Everything you need to know about viral personal AI assistant Clawdbot (now Moltbot)

The latest wave of AI excitement has brought us an unexpected mascot: a lobster. Clawbonea personal AI assistant, went viral within weeks of launch and will keep the crustacean theme despite having to change the name to Moltbot after a legal challenge from Anthropic. But before you jump on the bandwagon, here’s what you need to know.
According to its tagline, Moltbot (formerly Clawdbot) is the “AI that actually does things” – whether it’s managing your calendar, sending messages through your favorite apps, or checking in for flights. This promise has driven thousands of users to tackle the required technical setup, even though it started as a messy personal project built by one developer for his own use.
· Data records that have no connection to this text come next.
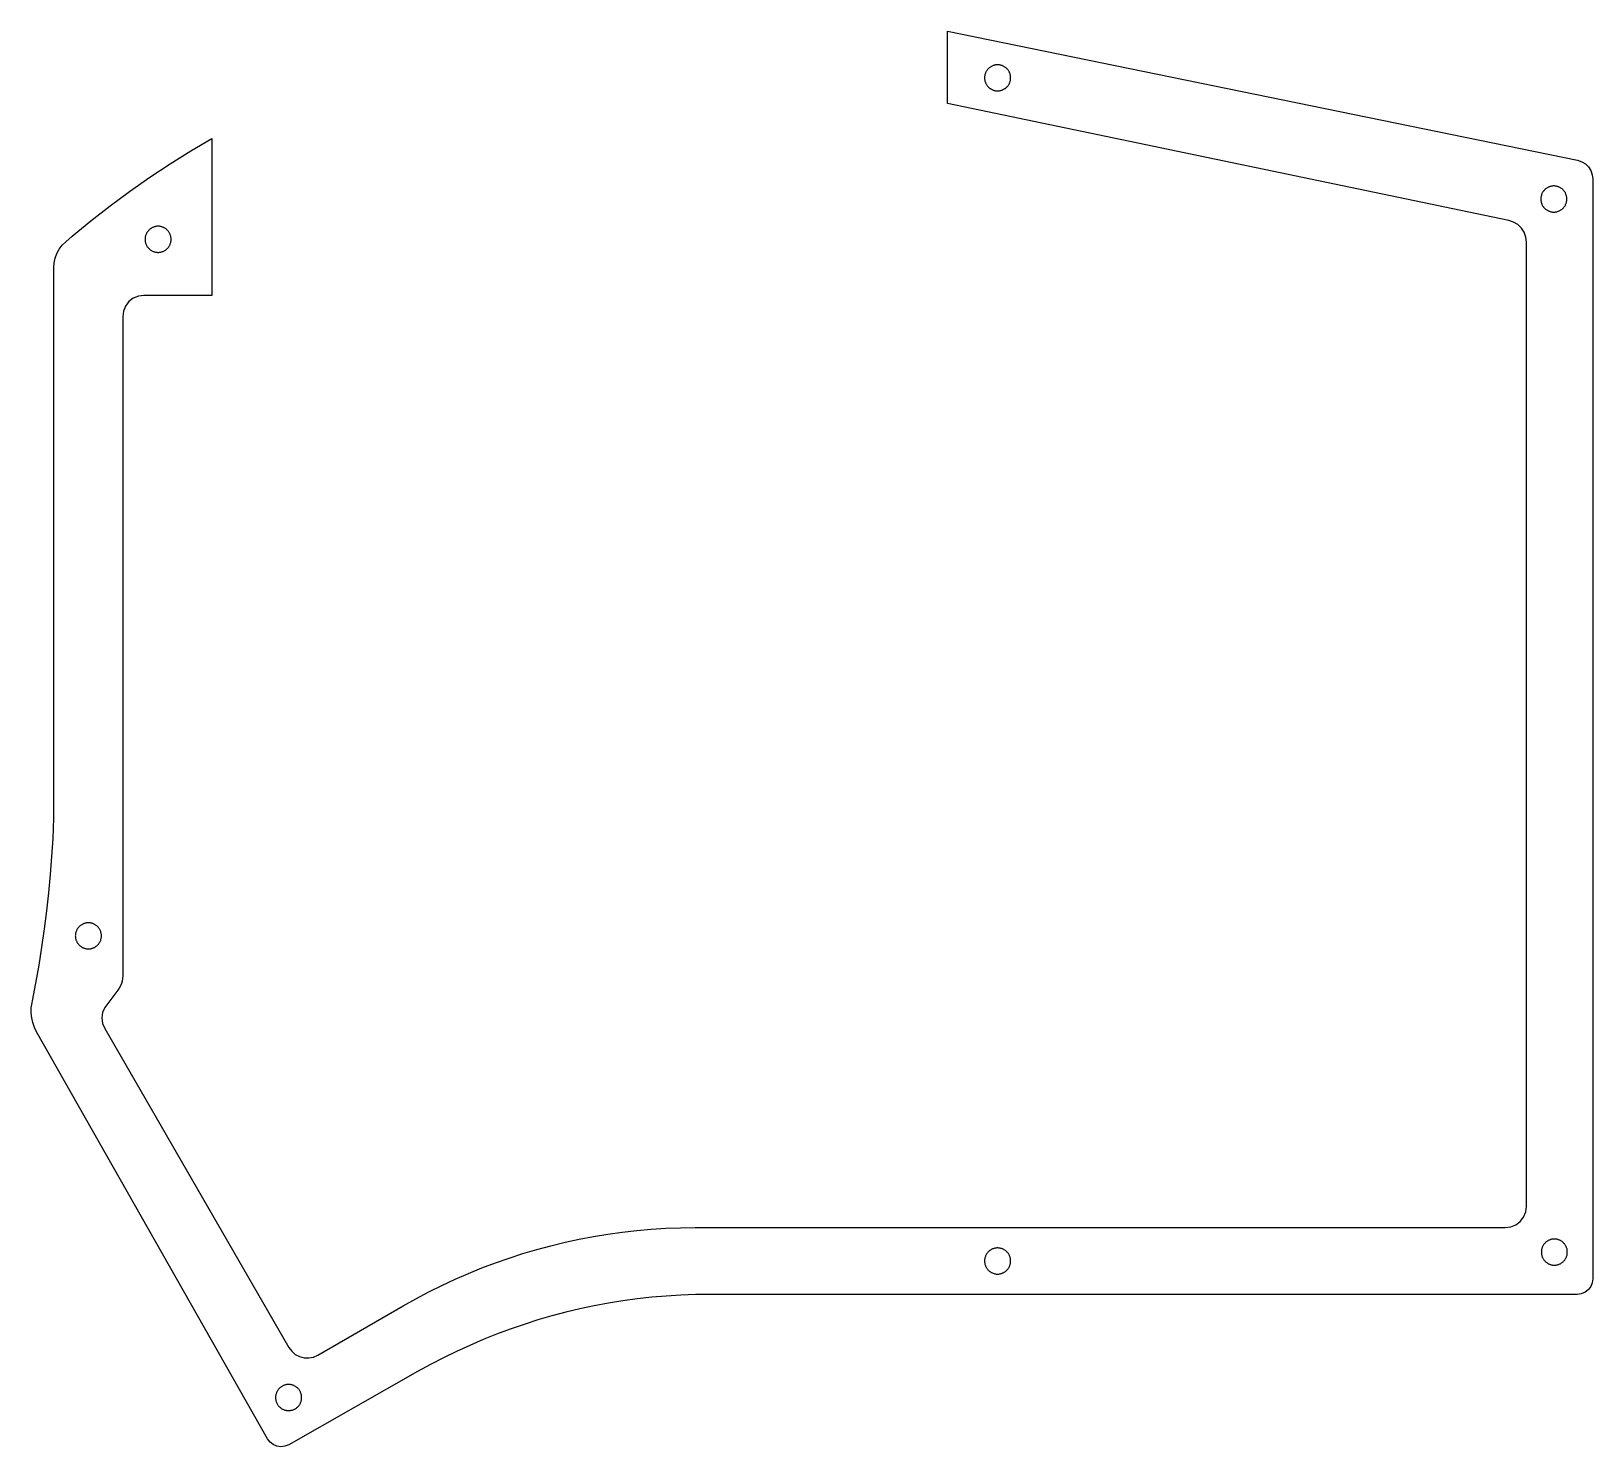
# Model space of a CAD drawing. Header units: centimetres. Extents: x -64 to 86, y -74 to 61.
import ezdxf

# ---------------------------------------------------------------- set-up
doc = ezdxf.new("R2010")
doc.units = ezdxf.units.CM
doc.layers.get('0').update_dxf_attribs({"color": 153, "true_color": 0x5890e1})

msp = doc.modelspace()

# ---------------------------------------------------------------- linework, layer by layer
at = {"color": 114, "true_color": 0x1bb158}
for points in [[(-61.52, -12.89, 3.42), (-61.52, 38.61, 3.42), (-61.49, 39.08, 3.42), (-61.39, 39.54, 3.42), (-61.23, 39.97, 3.42), (-61.01, 40.38, 3.42), (-60.73, 40.76, 3.42), (-60.39, 41.09, 3.42), (-59.77, 41.63, 3.42), (-57.98, 43.11, 3.42), (-56.14, 44.55, 3.42), (-54.26, 45.93, 3.42), (-52.34, 47.28, 3.42), (-50.39, 48.57, 3.42), (-48.4, 49.81, 3.42), (-46.37, 51.01, 3.42), (-46.37, 35.95, 3.42), (-52.9, 35.95, 3.42), (-53.42, 35.88, 3.42), (-53.91, 35.68, 3.42), (-54.34, 35.36, 3.42), (-54.66, 34.94, 3.42), (-54.86, 34.45, 3.42), (-54.93, 33.92, 3.42), (-54.93, -20.43, 3.42), (-54.93, -29.29, 3.42), (-54.94, -29.54, 3.42), (-54.98, -29.78, 3.42), (-55.05, -30.02, 3.42), (-55.14, -30.25, 3.42), (-55.26, -30.47, 3.42), (-55.4, -30.67, 3.42), (-56.65, -32.31, 3.42), (-56.85, -32.8, 3.42), (-56.92, -33.32, 3.42), (-56.85, -33.85, 3.42), (-56.65, -34.34, 3.42), (-38.99, -64.91, 3.42), (-38.72, -65.28, 3.42), (-38.38, -65.58, 3.42), (-37.98, -65.79, 3.42), (-37.54, -65.91, 3.42), (-37.08, -65.92, 3.42), (-36.63, -65.84, 3.42), (-36.22, -65.66, 3.42), (-28.03, -60.93, 3.42), (-26.81, -60.24, 3.42), (-25.57, -59.59, 3.42), (-24.32, -58.96, 3.42), (-23.05, -58.37, 3.42), (-21.77, -57.81, 3.42), (-20.48, -57.29, 3.42), (-19.18, -56.8, 3.42), (-17.86, -56.34, 3.42), (-16.54, -55.91, 3.42), (-15.2, -55.52, 3.42), (-13.86, -55.16, 3.42), (-12.5, -54.83, 3.42), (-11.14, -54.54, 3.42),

That man is Peter Steinberger, an Austrian developer and founder who is known online as @steipete and actively blogs about his work. After abandoning his previous project, PSPDFkit, Steinberger felt empty and barely touched his computer for three years, he explains on his blog. But he eventually found his spark again – which led to Moltbot.
Although Moltbot is now much more than a solo project, the publicly available version still comes from it Claw“Peter’s crust assistant,” now called Molty, a tool he built to help him “manage his digital life” and “explore what human-AI collaboration could be.”
For Steinberger, this meant diving deeper into the momentum around AI that had reignited his builder spark. A self-confessed “Claudoholic”he initially named his project after Claude, Anthropic’s flagship. He then revealed on X that Anthropic forced him to change the branding for copyright reasons. TechCrunch has contacted Anthropic for comment. But the “lobster soul” of the project remains unchanged.
For early adopters, Moltbot represents the cutting edge of how helpful AI assistants can be. Those who were already excited about the prospect of using AI to quickly generate websites and apps are even more eager to have their personal AI assistant perform tasks for them. And just like Steinberger, they are eager to tinker with it.
This explains how Moltbot collected more than 44,200 stars on GitHub so fast. So much viral attention has been paid to Moltbot that it has even moved markets. Cloudflare stock increased by 14% in premarket trading on Tuesday, as social media buzzed around the AI agent, it reignited investor enthusiasm for Cloudflare’s infrastructure, which developers use to run Moltbot locally on their devices.
WAN event
San Francisco
|
October 13-15, 2026
Still, breaking into early adopter territory is still a long way off, and perhaps that’s for the best. Installing Moltbot requires technical knowledge, and that includes being aware of the inherent security risks that come with it.
On the one hand, Moltbot is built with security in mind: it’s open source, meaning anyone can inspect the code for vulnerabilities, and it runs on your computer or server, not in the cloud. But on the other hand, its premise is inherently risky. As an entrepreneur and investor Rahul Sood pointed to X“’actually doing things’ means ‘being able to execute arbitrary commands on your computer.’”
What keeps Sood awake at night is “rapid content injection” – where a malicious actor can send you a WhatsApp message that could lead to Moltbot taking unintended actions on your computer without your intervention or knowledge.
That risk can be partly limited by careful preparation. Because Moltbot supports several AI models, users may want to make configuration choices based on their resistance to these types of attacks. But the only way to completely prevent this is to run Moltbot in a silo.
This may seem obvious to experienced developers tinkering with a week-old project, but some of them have become louder in warning users attracted by the hype: things can get ugly quickly if they approach it as carelessly as ChatGPT.
Steinberger himself was reminded that evil actors exist when he “messed up” the renaming of his project. He complained on X that “crypto scammers” grabbed his GitHub username and created fake cryptocurrency projects in his name, and he warned his followers that “any project that lists [him] as a coin owner is a SCAM.” He then posted that it was GitHub problem had been resolved but warned that the legitimate X account is @moltbot, “not one of the 20 scams of it.”
This doesn’t necessarily mean you should stay away from Moltbot at this stage if you’re curious about testing it. But if you’ve never heard of a VPS – a virtual private server, which is essentially a remote computer that you rent to run software – you might want to wait your turn. (You might want to run Moltbot on that for now. “Not the laptop with your SSH keys, API credentials, and password manager,” Sood warned.)
Currently, running Moltbot safely means running it on a separate computer with disposable accounts, which defeats the purpose of having a useful AI assistant. And resolving that trade-off between safety and utility may require solutions beyond Steinberger’s control.
Still, by building a tool to solve his own problem, Steinberger showed the developer community what AI agents could actually achieve and how autonomous AI could eventually become truly useful rather than just impressive.